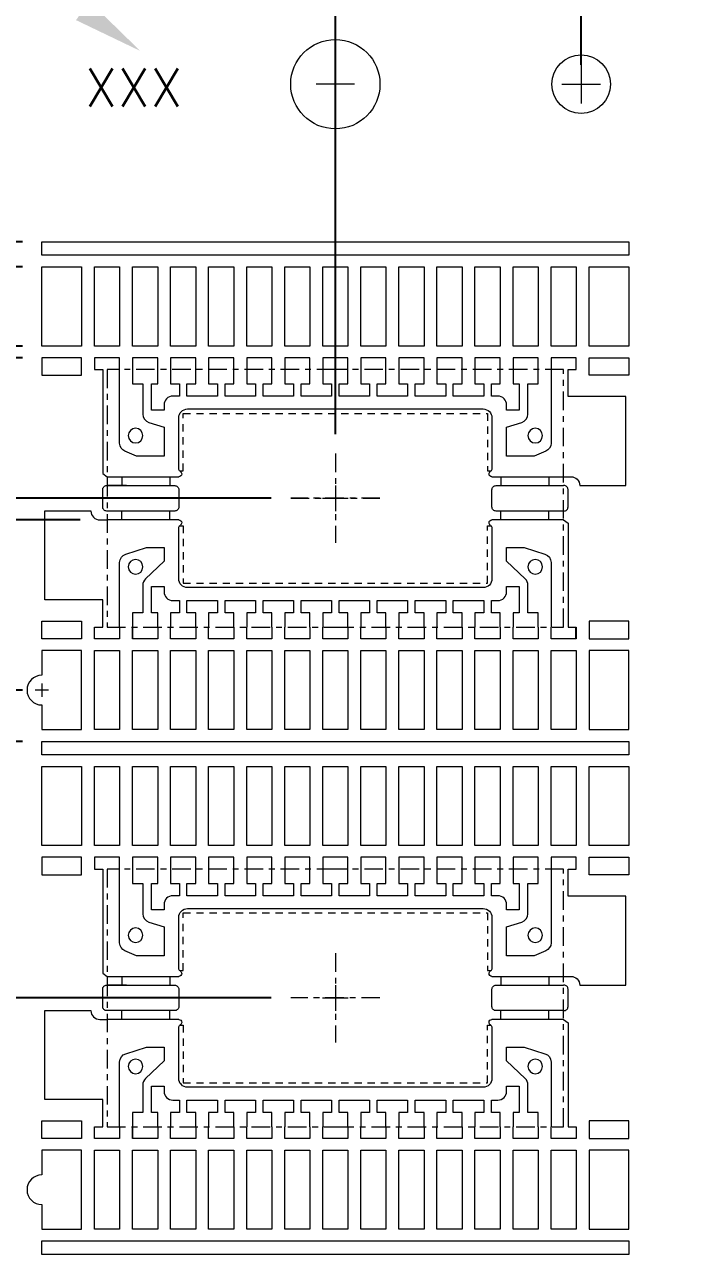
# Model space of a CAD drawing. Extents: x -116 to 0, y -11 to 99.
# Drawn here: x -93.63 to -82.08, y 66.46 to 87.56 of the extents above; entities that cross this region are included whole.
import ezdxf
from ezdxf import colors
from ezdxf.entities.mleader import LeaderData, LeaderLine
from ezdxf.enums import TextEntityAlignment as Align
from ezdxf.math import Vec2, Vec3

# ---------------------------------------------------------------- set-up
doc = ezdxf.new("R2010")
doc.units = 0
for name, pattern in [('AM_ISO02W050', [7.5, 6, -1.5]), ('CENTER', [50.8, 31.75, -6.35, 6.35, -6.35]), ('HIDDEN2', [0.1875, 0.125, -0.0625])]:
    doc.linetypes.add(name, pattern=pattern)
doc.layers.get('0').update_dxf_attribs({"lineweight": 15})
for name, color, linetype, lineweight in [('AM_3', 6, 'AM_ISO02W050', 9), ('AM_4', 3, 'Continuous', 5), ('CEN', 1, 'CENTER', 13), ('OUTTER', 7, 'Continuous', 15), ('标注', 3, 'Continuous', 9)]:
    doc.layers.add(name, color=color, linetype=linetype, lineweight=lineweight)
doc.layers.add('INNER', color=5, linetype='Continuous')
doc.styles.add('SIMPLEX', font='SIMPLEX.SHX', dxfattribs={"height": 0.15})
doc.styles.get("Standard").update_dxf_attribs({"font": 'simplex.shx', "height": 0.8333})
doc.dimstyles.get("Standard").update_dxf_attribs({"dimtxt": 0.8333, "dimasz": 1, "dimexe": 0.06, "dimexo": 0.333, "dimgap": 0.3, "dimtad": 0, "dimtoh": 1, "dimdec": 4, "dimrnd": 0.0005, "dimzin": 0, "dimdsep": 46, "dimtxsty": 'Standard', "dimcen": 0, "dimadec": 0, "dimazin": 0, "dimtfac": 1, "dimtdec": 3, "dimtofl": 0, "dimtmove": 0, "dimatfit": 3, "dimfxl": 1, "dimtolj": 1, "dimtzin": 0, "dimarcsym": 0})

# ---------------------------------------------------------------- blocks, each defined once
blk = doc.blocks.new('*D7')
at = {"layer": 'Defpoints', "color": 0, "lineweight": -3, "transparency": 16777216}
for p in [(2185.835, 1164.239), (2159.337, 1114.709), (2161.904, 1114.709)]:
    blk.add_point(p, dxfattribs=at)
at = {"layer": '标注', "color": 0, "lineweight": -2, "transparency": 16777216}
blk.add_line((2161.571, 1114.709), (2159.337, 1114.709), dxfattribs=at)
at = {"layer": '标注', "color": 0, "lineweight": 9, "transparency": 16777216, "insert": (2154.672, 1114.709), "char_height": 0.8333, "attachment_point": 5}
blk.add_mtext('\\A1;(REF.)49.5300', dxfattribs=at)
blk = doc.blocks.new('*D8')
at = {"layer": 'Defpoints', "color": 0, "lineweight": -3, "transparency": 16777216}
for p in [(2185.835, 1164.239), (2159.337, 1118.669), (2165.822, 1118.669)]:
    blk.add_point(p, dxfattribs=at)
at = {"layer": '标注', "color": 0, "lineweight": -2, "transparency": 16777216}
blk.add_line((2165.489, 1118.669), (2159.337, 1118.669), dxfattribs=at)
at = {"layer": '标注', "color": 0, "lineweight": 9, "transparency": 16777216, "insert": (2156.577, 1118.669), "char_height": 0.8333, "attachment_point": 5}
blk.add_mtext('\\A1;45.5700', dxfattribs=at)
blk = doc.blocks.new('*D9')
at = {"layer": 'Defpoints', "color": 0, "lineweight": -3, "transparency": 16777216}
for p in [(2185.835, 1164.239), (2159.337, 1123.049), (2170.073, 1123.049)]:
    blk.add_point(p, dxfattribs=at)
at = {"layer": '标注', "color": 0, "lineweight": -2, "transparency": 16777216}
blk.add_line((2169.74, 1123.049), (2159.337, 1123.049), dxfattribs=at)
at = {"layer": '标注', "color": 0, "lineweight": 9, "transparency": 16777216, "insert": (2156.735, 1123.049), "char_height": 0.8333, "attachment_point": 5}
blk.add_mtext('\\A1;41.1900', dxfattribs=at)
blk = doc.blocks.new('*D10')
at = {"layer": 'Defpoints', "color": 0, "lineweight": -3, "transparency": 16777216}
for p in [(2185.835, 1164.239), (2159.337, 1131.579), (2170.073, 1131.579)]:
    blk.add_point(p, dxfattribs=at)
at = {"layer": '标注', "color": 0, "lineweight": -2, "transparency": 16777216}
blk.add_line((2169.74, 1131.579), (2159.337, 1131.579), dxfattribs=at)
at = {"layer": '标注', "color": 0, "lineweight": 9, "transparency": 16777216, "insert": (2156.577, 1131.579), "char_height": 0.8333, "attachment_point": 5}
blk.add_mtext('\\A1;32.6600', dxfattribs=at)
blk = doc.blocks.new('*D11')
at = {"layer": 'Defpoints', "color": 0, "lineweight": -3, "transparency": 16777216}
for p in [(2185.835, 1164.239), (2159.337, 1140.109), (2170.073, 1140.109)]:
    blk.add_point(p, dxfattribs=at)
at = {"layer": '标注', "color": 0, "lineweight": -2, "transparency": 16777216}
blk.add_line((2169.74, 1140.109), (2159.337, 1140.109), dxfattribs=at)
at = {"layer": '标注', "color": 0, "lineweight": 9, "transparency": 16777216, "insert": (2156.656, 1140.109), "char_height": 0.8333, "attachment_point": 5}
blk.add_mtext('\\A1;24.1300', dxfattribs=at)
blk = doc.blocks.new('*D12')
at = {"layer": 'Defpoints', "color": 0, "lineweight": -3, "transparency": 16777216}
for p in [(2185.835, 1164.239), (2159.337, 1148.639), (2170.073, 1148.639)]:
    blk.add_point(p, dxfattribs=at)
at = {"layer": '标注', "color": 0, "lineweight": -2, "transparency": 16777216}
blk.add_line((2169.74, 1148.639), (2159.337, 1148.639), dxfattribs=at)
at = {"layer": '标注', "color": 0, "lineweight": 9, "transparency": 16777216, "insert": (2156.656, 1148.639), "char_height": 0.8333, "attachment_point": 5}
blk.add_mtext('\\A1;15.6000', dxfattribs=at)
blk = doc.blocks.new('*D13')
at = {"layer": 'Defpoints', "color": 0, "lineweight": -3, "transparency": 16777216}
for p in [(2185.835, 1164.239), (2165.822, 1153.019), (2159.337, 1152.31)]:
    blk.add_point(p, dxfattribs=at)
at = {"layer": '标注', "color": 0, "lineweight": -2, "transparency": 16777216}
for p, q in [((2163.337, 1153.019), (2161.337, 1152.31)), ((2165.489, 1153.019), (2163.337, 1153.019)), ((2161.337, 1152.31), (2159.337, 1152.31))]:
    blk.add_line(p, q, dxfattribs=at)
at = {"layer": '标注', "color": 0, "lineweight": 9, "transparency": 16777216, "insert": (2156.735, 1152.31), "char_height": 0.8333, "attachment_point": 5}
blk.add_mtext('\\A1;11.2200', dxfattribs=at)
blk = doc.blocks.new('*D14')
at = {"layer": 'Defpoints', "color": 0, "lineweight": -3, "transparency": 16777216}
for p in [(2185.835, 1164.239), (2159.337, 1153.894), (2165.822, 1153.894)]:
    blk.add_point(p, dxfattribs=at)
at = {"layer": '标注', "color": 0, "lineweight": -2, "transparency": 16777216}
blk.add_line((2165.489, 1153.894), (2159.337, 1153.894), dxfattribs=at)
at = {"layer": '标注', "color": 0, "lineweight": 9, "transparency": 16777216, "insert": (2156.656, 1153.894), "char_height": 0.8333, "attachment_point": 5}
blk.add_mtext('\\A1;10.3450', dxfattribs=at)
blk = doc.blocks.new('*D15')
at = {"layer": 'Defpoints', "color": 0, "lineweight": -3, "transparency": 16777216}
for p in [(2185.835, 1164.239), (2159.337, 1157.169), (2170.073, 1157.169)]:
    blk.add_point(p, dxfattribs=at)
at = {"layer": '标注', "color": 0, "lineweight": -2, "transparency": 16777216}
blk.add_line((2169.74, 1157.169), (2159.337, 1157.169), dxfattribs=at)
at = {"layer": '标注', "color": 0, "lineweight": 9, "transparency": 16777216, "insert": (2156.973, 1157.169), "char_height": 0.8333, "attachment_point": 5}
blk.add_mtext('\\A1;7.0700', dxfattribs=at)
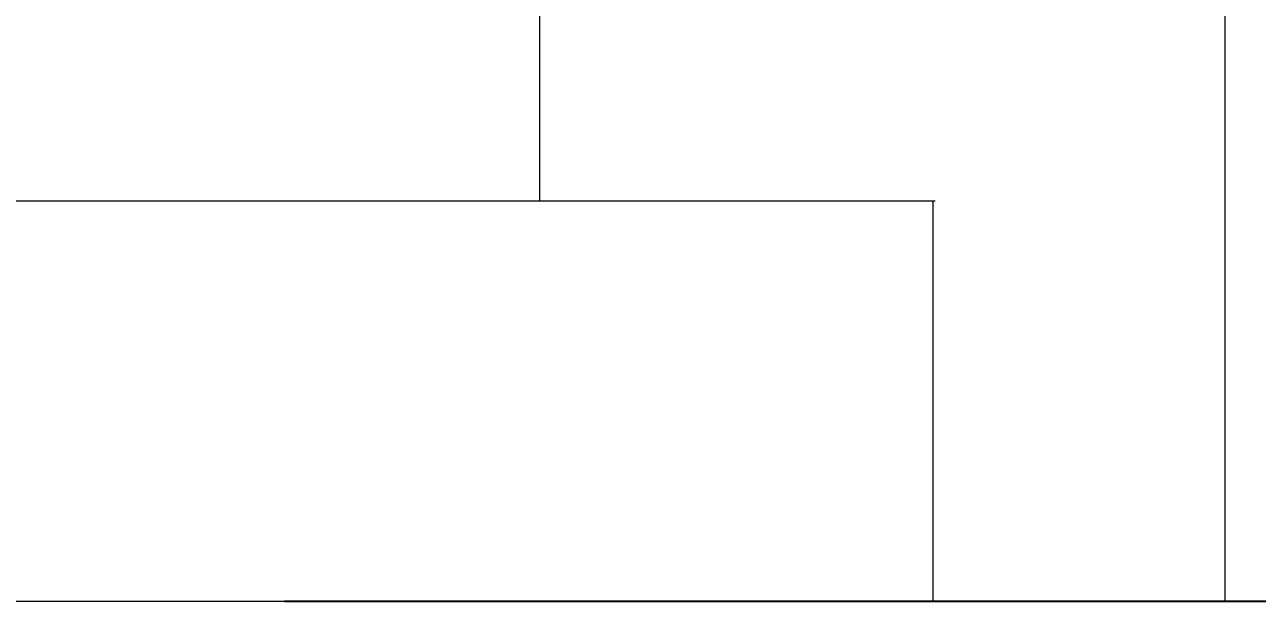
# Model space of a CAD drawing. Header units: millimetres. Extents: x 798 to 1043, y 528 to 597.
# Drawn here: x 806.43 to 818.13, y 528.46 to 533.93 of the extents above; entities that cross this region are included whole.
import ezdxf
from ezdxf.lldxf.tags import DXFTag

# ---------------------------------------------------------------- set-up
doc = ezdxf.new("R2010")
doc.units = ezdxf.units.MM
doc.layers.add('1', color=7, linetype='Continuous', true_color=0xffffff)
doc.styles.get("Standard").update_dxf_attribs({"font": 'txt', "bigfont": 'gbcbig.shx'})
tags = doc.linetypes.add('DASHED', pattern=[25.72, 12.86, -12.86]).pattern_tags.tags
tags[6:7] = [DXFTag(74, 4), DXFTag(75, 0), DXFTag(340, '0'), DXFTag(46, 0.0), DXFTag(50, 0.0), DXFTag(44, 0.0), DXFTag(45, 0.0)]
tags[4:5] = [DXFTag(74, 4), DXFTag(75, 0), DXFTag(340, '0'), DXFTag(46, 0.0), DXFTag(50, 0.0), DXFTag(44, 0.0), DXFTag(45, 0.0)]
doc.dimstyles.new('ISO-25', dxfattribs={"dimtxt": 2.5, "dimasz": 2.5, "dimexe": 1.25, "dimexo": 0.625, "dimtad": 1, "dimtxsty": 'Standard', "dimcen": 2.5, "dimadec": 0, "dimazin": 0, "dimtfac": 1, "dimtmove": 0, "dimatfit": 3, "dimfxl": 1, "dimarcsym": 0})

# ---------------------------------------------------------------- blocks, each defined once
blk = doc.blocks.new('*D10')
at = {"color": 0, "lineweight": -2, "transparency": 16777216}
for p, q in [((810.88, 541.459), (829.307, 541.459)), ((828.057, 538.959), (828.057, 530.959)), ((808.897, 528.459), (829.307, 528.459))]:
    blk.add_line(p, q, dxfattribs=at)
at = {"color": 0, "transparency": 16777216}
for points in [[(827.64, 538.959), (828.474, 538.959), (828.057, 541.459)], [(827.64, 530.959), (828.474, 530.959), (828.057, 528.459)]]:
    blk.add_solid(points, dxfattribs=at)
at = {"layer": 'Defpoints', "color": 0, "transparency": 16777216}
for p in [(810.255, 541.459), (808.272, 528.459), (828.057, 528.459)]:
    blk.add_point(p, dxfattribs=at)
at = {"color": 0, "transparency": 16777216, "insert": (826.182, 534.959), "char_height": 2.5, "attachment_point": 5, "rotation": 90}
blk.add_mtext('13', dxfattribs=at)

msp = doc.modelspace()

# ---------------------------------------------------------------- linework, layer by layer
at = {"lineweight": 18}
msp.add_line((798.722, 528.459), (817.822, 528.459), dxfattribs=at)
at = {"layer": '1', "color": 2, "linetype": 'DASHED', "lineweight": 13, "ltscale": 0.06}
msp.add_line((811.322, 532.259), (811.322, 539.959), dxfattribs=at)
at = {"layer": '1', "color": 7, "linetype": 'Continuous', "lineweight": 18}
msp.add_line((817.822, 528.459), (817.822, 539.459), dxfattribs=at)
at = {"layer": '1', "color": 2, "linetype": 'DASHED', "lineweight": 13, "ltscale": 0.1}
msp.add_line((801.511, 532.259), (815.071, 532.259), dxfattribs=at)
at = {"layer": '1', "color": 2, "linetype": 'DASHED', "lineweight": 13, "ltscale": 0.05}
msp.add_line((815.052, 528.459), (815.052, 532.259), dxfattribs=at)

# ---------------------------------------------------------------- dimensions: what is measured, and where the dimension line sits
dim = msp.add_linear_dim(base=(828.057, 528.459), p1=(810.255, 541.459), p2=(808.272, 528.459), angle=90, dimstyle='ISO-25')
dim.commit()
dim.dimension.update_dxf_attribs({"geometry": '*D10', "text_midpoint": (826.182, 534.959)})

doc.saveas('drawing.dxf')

————

Assigned task: Search the data above and return each line in which "ezdxf" occurs.

Solved exercise:
import ezdxf
from ezdxf import colors
from ezdxf.entities.mleader import LeaderData, LeaderLine
from ezdxf.enums import TextEntityAlignment as Align
from ezdxf.math import Vec2, Vec3
doc = ezdxf.new("R2010")
import ezdxf
from ezdxf.lldxf.tags import DXFTag
doc = ezdxf.new("R2010")
doc.units = ezdxf.units.MM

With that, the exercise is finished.